An appeal of the Initial Order would provide the Court of Appeal with a thin record on which to decide potentially important issues for insolvency and restructuring practice. The whole point of a comeback application is for a court to make a decision with the benefit of a more robust evidential record and, as in this case, more developed argument from responding parties. This, in turn, provides a better foundation for an appellate court to decide an appeal.
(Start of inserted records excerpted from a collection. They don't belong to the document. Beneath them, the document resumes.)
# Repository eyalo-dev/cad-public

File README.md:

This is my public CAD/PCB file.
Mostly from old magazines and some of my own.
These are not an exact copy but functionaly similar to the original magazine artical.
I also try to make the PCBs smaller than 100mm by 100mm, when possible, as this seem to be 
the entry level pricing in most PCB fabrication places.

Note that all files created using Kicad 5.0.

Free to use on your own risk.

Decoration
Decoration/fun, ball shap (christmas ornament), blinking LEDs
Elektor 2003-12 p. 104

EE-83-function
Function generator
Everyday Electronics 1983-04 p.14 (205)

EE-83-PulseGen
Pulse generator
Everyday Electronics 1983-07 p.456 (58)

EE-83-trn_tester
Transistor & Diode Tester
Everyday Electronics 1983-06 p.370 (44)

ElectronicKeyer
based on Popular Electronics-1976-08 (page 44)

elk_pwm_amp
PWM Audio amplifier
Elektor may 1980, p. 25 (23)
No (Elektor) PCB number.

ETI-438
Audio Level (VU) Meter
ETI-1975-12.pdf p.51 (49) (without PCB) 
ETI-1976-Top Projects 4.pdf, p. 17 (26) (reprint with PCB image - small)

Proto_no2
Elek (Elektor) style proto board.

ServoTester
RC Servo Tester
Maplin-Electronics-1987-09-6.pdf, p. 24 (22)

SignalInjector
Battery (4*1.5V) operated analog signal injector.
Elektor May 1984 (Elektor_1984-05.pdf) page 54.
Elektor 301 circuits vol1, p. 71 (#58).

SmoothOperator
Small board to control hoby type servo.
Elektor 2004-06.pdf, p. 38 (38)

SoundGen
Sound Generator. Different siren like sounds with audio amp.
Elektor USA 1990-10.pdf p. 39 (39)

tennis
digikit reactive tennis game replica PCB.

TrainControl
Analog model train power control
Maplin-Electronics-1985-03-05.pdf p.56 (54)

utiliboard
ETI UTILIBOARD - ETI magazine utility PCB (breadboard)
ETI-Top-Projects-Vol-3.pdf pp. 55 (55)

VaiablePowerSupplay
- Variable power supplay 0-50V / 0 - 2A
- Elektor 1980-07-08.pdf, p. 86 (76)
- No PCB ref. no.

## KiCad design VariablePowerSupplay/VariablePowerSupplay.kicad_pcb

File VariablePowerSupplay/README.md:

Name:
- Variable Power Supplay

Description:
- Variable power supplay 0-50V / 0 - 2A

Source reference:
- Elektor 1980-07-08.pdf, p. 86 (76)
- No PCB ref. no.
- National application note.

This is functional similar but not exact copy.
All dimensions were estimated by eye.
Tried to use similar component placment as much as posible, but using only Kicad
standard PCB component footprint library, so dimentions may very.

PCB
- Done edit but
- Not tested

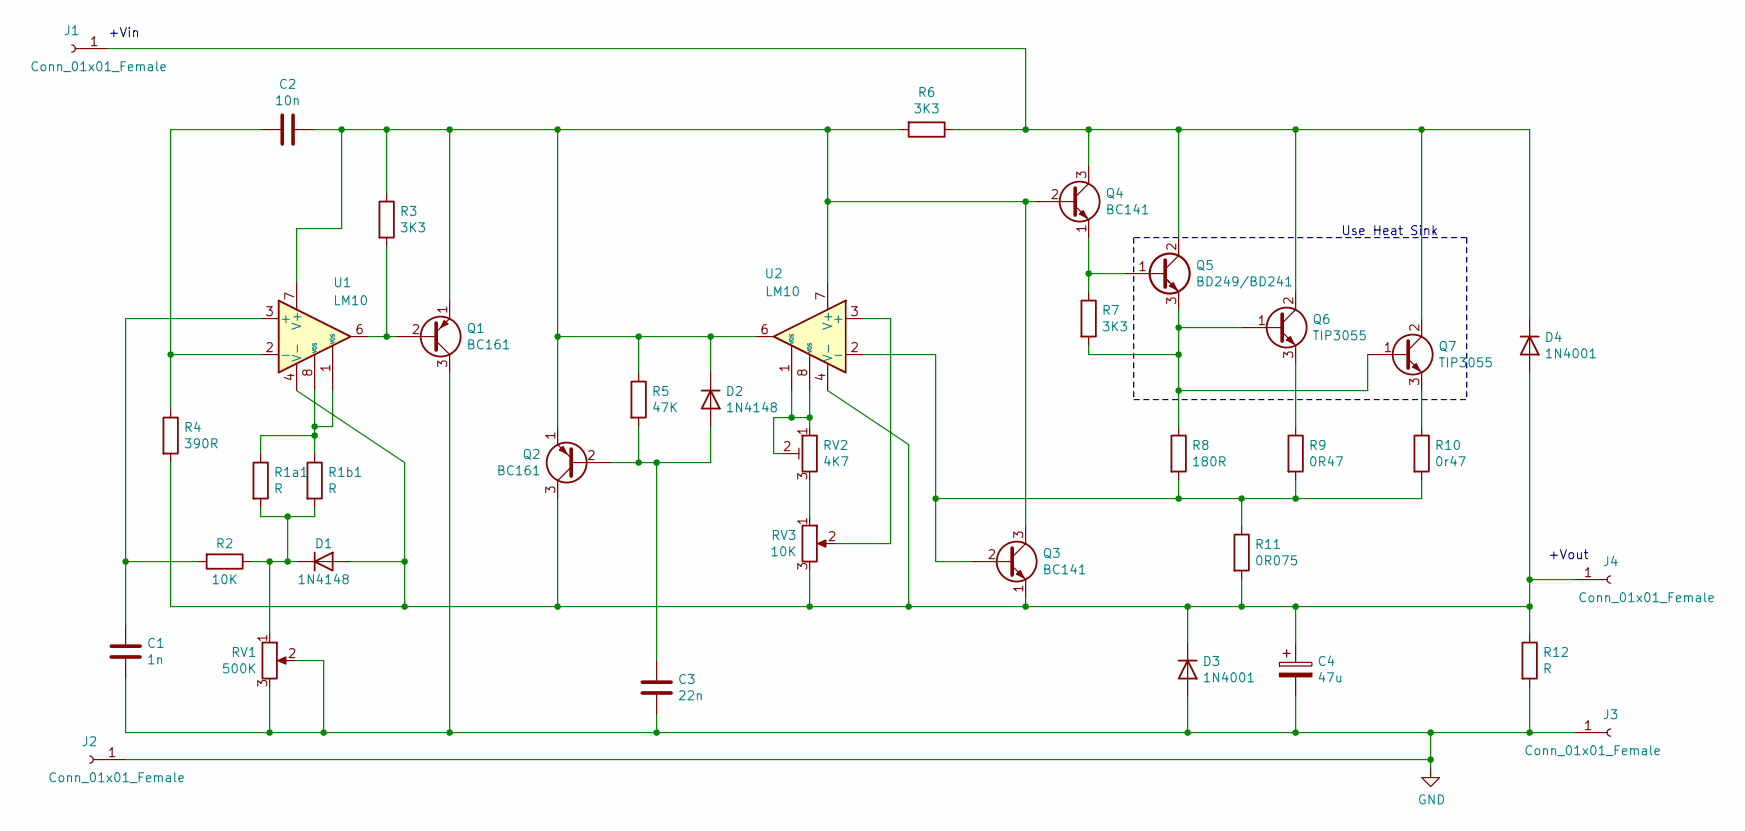
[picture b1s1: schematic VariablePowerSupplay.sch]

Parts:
C1: 1n; C_Disc_D5.0mm_W2.5mm_P5.00mm
C2: 10n; C_Disc_D5.0mm_W2.5mm_P5.00mm
C3: 22n; C_Disc_D5.0mm_W2.5mm_P5.00mm
C4: 47u; CP_Axial_L11.0mm_D6.0mm_P18.00mm_Horizontal
D1, D2: 1N4148; D_DO-35_SOD27_P7.62mm_Horizontal
D3, D4: 1N4001; D_DO-41_SOD81_P10.16mm_Horizontal
J1, J2, J3, J4: Conn_01x01_Female; TestPoint_THTPad_D2.0mm_Drill1.0mm
Q1, Q2: BC161; TO-39-3
Q3, Q4: BC141; TO-39-3
Q5: BD249/BD241; TO-126-3_Vertical
Q6, Q7: TIP3055; TO-218-3_Vertical
R1a1, R1b1: R; R_Axial_DIN0207_L6.3mm_D2.5mm_P10.16mm_Horizontal
R2: 10K; R_Axial_DIN0207_L6.3mm_D2.5mm_P10.16mm_Horizontal
R3, R7: 3K3; R_Axial_DIN0207_L6.3mm_D2.5mm_P10.16mm_Horizontal
R4: 390R; R_Axial_DIN0207_L6.3mm_D2.5mm_P10.16mm_Horizontal
R5: 47K; R_Axial_DIN0207_L6.3mm_D2.5mm_P10.16mm_Horizontal
R6: 3K3; R_Axial_DIN0207_L6.3mm_D2.5mm_P15.24mm_Horizontal
R8: 180R; R_Axial_DIN0207_L6.3mm_D2.5mm_P10.16mm_Horizontal
R9: 0R47; R_Axial_DIN0918_L18.0mm_D9.0mm_P25.40mm_Horizontal
R10: 0r47; R_Axial_DIN0918_L18.0mm_D9.0mm_P25.40mm_Horizontal
R11: 0R075; R_Axial_DIN0918_L18.0mm_D9.0mm_P25.40mm_Horizontal
R12: R
RV1: 500K; PinHeader_1x03_P2.54mm_Vertical
RV2: 4K7; Potentiometer_ACP_CA9-V10_Vertical
RV3: 10K; PinHeader_1x03_P2.54mm_Vertical
U1, U2: LM10; DIP-8_W7.62mm_Socket_LongPads

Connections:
GND: C1.1, C3.1, C4.2, D3.2 (A), J2.1, J3.1, Q1.3 (C), R12.2, RV1.2, RV1.3
unnamed: C1.2, R2.2, U1.3 (+)
unnamed: C2.1, D2.1 (K), Q1.1 (E), Q2.1 (E), Q3.3 (C), Q4.2 (B), R3.1, R5.1, R6.2, U1.7 (V+), U2.6, U2.7 (V+)
unnamed: C2.2, R4.1, U1.2 (-)
unnamed: C3.2, D2.2 (A), Q2.2 (B), R5.2
unnamed: C4.1, D1.2 (A), D3.1 (K), D4.2 (A), J4.1, Q2.3 (C), Q3.1 (E), R4.2, R11.2, R12.1, RV3.3, U1.4 (V-), U2.4 (V-)
unnamed: D1.1 (K), R1a1.2, R1b1.2, R2.1, RV1.1
unnamed: D4.1 (K), J1.1, Q4.3 (C), Q5.2 (C), Q6.2 (C), Q7.2 (C), R6.1
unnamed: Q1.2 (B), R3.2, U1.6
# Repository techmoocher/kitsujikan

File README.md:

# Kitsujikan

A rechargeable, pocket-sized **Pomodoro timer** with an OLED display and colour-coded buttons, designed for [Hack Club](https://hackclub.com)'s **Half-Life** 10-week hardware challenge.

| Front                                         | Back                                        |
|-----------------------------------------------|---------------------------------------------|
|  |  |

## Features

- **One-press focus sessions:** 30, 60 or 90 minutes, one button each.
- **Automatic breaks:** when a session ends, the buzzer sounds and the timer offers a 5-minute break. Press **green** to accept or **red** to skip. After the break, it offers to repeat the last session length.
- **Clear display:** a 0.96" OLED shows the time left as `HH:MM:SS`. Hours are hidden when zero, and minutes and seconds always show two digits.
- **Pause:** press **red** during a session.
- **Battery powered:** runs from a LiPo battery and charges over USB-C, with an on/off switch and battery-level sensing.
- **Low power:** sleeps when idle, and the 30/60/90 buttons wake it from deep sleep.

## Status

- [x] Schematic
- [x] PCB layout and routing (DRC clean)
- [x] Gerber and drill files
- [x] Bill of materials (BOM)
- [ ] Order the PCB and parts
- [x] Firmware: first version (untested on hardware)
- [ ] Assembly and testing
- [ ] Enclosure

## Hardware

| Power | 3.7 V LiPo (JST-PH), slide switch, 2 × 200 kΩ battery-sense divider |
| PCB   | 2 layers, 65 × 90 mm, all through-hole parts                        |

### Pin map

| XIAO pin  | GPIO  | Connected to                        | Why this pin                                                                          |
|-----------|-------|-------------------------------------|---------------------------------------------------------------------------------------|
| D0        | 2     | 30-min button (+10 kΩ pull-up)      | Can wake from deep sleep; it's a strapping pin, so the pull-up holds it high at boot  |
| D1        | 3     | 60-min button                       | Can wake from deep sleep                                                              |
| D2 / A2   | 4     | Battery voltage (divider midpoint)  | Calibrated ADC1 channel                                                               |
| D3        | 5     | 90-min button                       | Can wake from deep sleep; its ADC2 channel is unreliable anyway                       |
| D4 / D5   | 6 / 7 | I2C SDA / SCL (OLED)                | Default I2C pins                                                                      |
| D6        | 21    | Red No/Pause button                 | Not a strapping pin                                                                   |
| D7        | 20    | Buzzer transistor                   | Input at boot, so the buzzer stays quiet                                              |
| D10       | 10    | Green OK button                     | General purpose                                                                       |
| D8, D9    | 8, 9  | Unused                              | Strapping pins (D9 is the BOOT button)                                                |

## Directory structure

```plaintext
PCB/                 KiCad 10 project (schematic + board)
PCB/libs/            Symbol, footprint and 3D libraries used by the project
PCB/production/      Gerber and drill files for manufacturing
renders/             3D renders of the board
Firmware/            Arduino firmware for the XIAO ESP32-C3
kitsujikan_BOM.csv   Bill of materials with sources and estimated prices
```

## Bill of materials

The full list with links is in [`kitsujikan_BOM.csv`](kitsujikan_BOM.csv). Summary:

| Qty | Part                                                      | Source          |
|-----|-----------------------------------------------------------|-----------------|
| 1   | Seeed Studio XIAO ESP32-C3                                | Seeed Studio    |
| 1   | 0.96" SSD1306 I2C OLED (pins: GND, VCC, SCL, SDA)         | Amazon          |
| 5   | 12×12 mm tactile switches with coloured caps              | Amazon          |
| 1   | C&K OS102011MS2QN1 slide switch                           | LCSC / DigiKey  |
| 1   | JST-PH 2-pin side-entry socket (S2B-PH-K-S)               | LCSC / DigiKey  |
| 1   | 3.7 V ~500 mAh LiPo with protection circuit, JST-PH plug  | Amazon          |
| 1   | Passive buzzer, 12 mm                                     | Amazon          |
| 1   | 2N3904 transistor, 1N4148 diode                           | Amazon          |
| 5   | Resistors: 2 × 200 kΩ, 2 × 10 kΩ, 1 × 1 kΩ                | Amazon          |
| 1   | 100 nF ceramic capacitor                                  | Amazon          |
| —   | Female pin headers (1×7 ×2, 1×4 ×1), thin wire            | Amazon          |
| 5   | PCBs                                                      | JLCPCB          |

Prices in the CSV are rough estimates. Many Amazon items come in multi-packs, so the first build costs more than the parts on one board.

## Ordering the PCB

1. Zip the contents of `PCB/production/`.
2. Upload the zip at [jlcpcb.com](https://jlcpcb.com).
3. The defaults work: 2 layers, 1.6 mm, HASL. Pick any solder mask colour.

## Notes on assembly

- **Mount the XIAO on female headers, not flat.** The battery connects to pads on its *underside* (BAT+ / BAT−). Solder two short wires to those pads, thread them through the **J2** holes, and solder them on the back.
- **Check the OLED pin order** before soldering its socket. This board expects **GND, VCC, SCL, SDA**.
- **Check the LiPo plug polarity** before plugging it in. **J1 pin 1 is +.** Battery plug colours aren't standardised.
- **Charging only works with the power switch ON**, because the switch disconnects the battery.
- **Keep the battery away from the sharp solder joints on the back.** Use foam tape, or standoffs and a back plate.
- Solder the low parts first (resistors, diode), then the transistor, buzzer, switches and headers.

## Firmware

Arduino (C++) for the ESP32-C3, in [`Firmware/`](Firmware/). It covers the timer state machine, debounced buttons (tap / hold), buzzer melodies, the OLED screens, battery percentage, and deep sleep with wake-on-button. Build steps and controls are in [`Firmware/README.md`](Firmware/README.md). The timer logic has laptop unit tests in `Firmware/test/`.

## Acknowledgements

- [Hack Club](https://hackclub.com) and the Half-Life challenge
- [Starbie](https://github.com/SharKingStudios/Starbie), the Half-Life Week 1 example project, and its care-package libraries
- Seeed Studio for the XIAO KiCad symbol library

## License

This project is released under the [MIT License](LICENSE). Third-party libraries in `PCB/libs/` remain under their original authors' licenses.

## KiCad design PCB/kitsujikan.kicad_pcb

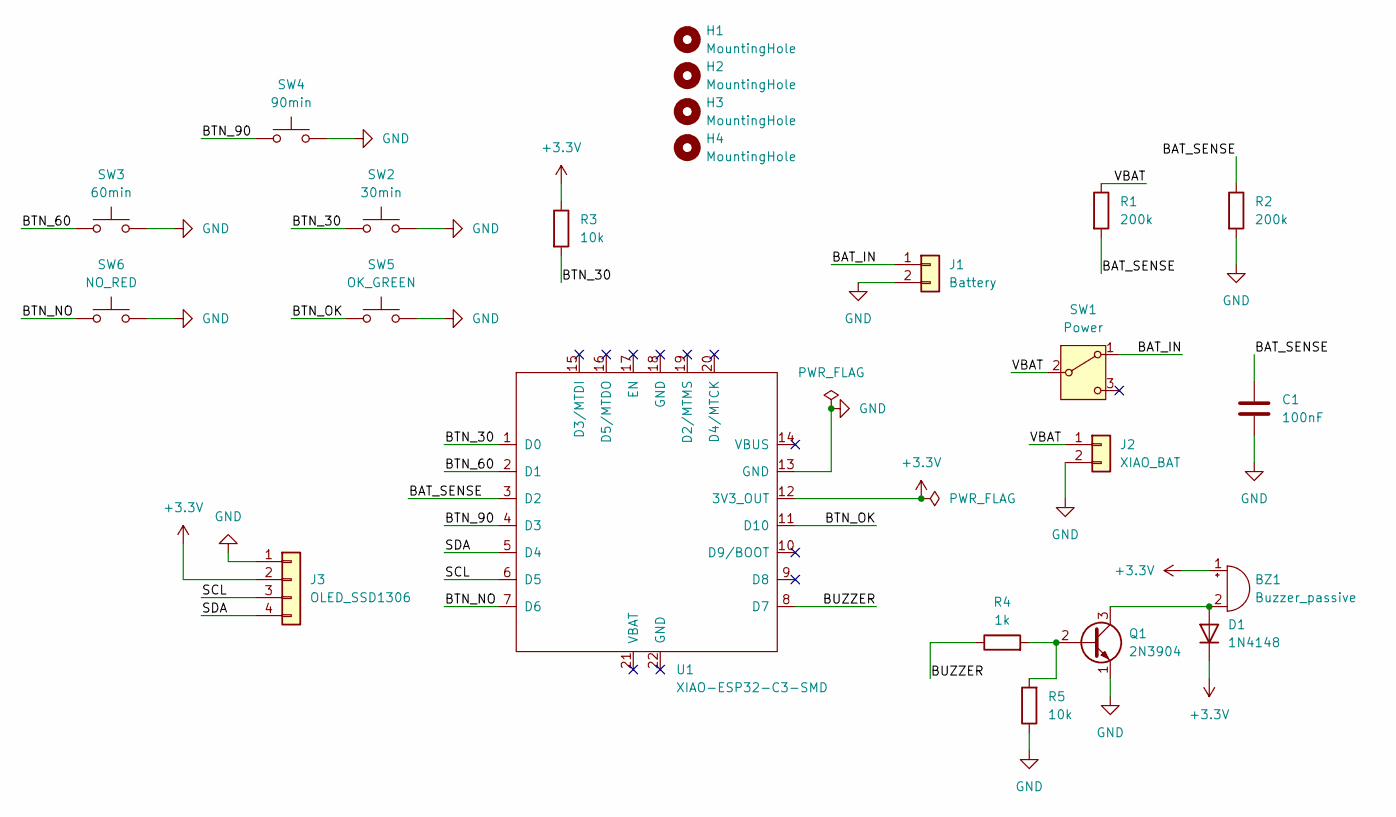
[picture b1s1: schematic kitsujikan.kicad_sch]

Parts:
BZ1: Buzzer_passive; Buzzer_12x9.5RM7.6
C1: 100nF; C_Disc_D5.0mm_W2.5mm_P5.00mm
D1: 1N4148; D_DO-35_SOD27_P7.62mm_Horizontal
H1, H2, H3, H4: MountingHole; MountingHole_3.2mm_M3
J1: Battery; JST_PH_S2B-PH-K_1x02_P2.00mm_Horizontal
J2: XIAO_BAT; SolderWire-0.15sqmm_1x02_P4mm_D0.5mm_OD1.5mm
J3: OLED_SSD1306; Display_128x64_096_I2C
Q1: 2N3904; TO-92_Inline
R1, R2: 200k; R_Axial_DIN0207_L6.3mm_D2.5mm_P10.16mm_Horizontal
R3, R5: 10k; R_Axial_DIN0207_L6.3mm_D2.5mm_P10.16mm_Horizontal
R4: 1k; R_Axial_DIN0207_L6.3mm_D2.5mm_P10.16mm_Horizontal
SW1: Power; SW_Slide_SPDT_Straight_CK_OS102011MS2Q
SW2: 30min; SW_PUSH-12mm
SW3: 60min; SW_PUSH-12mm
SW4: 90min; SW_PUSH-12mm
SW5: OK_GREEN; SW_PUSH-12mm
SW6: NO_RED; SW_PUSH-12mm
U1: XIAO-ESP32-C3-SMD; XIAO-ESP32-C6-DIP

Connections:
+3.3V: BZ1.1 (+), D1.1 (K), J3.2, R3.1, U1.12 (3V3_OUT)
/BAT_IN: J1.1, SW1.1 (A)
/BAT_SENSE: C1.1, R1.2, R2.1, U1.3 (D2)
/BTN_30: R3.2, SW2.1, U1.1 (D0)
/BTN_60: SW3.1, U1.2 (D1)
/BTN_90: SW4.1, U1.4 (D3)
/BTN_NO: SW6.1, U1.7 (D6)
/BTN_OK: SW5.1, U1.11 (D10)
/BUZZER: R4.1, U1.8 (D7)
/SCL: J3.3, U1.6 (D5)
/SDA: J3.4, U1.5 (D4)
/VBAT: J2.1, R1.1, SW1.2 (B)
GND: C1.2, J1.2, J2.2, J3.1, Q1.1 (E), R2.2, R5.1, SW2.2, SW3.2, SW4.2, SW5.2, SW6.2, U1.13 (GND)
unnamed: BZ1.2 (-), D1.2 (A), Q1.3 (C)
unnamed: Q1.2 (B), R4.2, R5.2

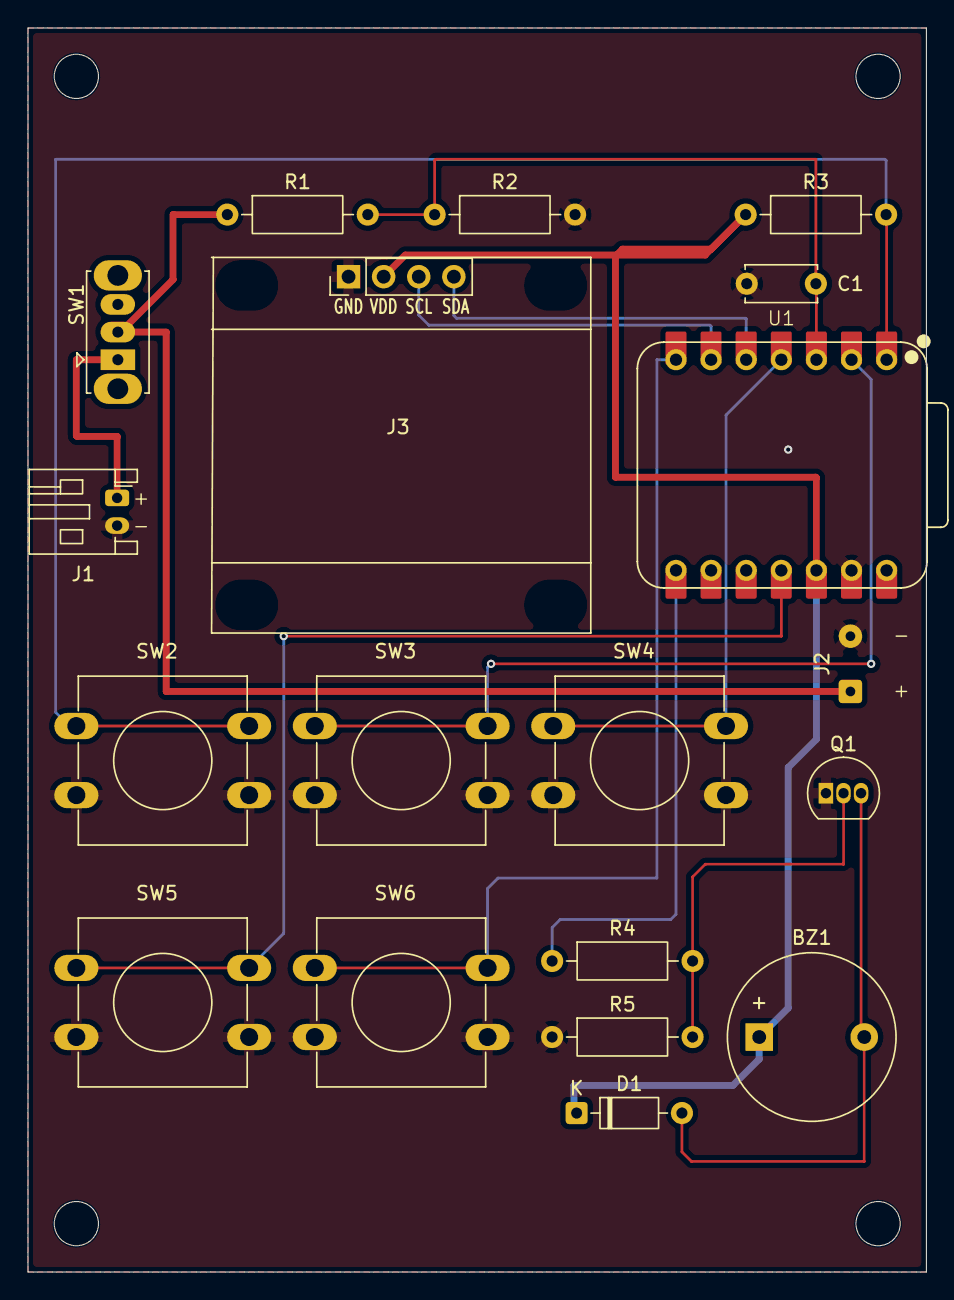
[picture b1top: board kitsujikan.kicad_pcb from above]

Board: 2 copper layers, 65.0 x 90.0 mm, 23 parts (0 on the bottom side), 15 nets.

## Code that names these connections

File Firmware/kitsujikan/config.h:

// config.h: every pin number and timing value lives here.
// Pin numbers are ESP32-C3 GPIO numbers; the XIAO silkscreen label is in the comment.
// They match the schematic (see README "Pin map").
#pragma once
#include <stdint.h>

// ---------------- Pins ----------------
constexpr uint8_t PIN_BTN_30 = 2;   // D0  30-min button (strapping pin, 10k external pull-up)
constexpr uint8_t PIN_BTN_60 = 3;   // D1  60-min button
constexpr uint8_t PIN_BAT    = 4;   // D2  battery voltage, through a 1:2 divider (200k + 200k)
constexpr uint8_t PIN_BTN_90 = 5;   // D3  90-min button
constexpr uint8_t PIN_SDA    = 6;   // D4  OLED SDA
constexpr uint8_t PIN_SCL    = 7;   // D5  OLED SCL
constexpr uint8_t PIN_BTN_NO = 21;  // D6  red button: no / pause (hold = stop)
constexpr uint8_t PIN_BUZZER = 20;  // D7  buzzer transistor base (via 1k)
constexpr uint8_t PIN_BTN_OK = 10;  // D10 green button: ok / continue

constexpr uint8_t OLED_ADDR = 0x3C;  // most 0.96" SSD1306 modules

// ---------------- Timing ----------------
// While testing, set FAST_TEST to 1: every "minute" then lasts 1 second,
// so a 30-min session takes 30 s and the 5-min break takes 5 s.
#define FAST_TEST 0

#if FAST_TEST
constexpr uint32_t MINUTE_MS = 1000UL;
#else
constexpr uint32_t MINUTE_MS = 60UL * 1000UL;
#endif

constexpr uint32_t BREAK_MINUTES     = 5;
constexpr uint32_t PROMPT_TIMEOUT_MS = 5UL * 60UL * 1000UL;  // stop asking after 5 min with no answer
constexpr uint32_t IDLE_SLEEP_MS     = 60UL * 1000UL;        // deep sleep after 1 min idle
constexpr uint32_t DEBOUNCE_MS       = 25;                   // ignore contact bounce shorter than this
constexpr uint32_t LONG_PRESS_MS     = 800;                  // hold red this long = stop
constexpr uint32_t REDRAW_MS         = 250;                  // screen refresh period
constexpr uint32_t BATTERY_SAMPLE_MS = 5000;                 // battery reading period

The Court held that the Court of Appeal would be in a much better position to hear and decide the issues raised by the Applicants on an appeal arising from the continuation of the comeback hearing.
The Applicants did not adduce any evidence to show that they had a bona fide intention to seek leave to appeal within the appeal period nor did they adduce any evidence to explain their failure to seek leave to appeal within the appeal period. There was no overriding interest of justice that demanded that an extension of time to apply for leave to appeal be granted despite the lack of evidence supporting the application. Indeed, to the contrary, the interests of justice weighed against granting an extension of time to apply for leave to appeal. The Applicants were not prejudiced by the denial of their application for an extension of time to apply for leave to appeal because their set aside application would be heard at the continuation of the comeback hearing and, if they were unsuccessful, they would have the right to seek leave to appeal that decision.
The Court dismissed the application to extend the time for leave to appeal the Initial Order.
Judge: Honourable Justice Colin C.J. Feasby
Professionals involved:
Robyn Gurofsky and Kaitlyn Wong of Fasken for the Canadian Investors
Howard Gorman, KC and Daniel Stethem of Norton Rose Fulbright for the Offshore Investors
Jeffrey Oliver and Danica Jorgenson of Cassels for A&M as monitor
Kyle Kashuba of Torys for Pillar Capital Corp. (the Interim Lender)
Kelsey Meyer and Luc Rollingson of Bennett Jones for Fossil Creek A2A Developments, LLC and Windridge A2A Developments, LLC
Daniel Jukes of Miles Davison and Sammy Lee and Stephen Barbier of Metcalfe, Blainey & Burns for Angus A2A GP Inc. et al.